▸ **WHAT TO DO**:
Within the entries below, find each line containing the word "part" and copy it.

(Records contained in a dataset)

--*--

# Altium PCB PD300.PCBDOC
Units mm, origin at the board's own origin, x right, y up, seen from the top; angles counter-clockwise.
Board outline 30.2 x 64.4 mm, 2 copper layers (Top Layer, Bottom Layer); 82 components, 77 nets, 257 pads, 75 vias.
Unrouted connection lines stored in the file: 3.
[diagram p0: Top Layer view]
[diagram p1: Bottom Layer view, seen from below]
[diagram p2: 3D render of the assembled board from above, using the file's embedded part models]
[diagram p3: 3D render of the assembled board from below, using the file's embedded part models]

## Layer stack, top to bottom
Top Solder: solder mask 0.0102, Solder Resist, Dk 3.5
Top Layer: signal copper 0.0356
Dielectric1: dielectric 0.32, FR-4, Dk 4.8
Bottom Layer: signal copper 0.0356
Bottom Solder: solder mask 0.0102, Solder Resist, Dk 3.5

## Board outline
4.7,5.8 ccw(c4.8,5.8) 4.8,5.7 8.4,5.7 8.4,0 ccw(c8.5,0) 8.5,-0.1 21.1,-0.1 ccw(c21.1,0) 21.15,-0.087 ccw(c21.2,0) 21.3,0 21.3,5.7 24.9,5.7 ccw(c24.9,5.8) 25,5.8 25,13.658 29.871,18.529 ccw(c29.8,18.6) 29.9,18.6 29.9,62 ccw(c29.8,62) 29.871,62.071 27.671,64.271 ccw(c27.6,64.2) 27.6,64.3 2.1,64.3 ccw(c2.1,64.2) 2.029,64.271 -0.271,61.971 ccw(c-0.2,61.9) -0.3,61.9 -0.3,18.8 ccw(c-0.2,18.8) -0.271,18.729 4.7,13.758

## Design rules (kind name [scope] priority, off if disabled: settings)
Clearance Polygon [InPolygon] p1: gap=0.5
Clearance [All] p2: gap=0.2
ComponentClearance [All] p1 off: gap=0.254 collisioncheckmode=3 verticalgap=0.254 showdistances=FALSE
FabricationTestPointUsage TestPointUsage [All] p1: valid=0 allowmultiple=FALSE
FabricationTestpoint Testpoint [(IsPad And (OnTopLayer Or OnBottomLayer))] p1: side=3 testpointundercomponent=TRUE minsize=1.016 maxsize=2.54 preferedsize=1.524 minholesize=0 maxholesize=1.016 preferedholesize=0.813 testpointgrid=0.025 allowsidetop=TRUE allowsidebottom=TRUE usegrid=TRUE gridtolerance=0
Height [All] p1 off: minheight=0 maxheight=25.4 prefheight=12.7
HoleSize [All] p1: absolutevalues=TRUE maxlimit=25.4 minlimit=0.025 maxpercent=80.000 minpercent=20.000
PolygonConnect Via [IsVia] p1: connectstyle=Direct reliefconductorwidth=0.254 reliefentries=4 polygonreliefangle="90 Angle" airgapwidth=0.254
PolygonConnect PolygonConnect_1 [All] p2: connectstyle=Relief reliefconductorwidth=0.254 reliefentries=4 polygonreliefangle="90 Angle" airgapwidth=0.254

--*--

▸ **EXPECTED ANSWER**:
[diagram p2: 3D render of the assembled board from above, using the file's embedded part models]
[diagram p3: 3D render of the assembled board from below, using the file's embedded part models]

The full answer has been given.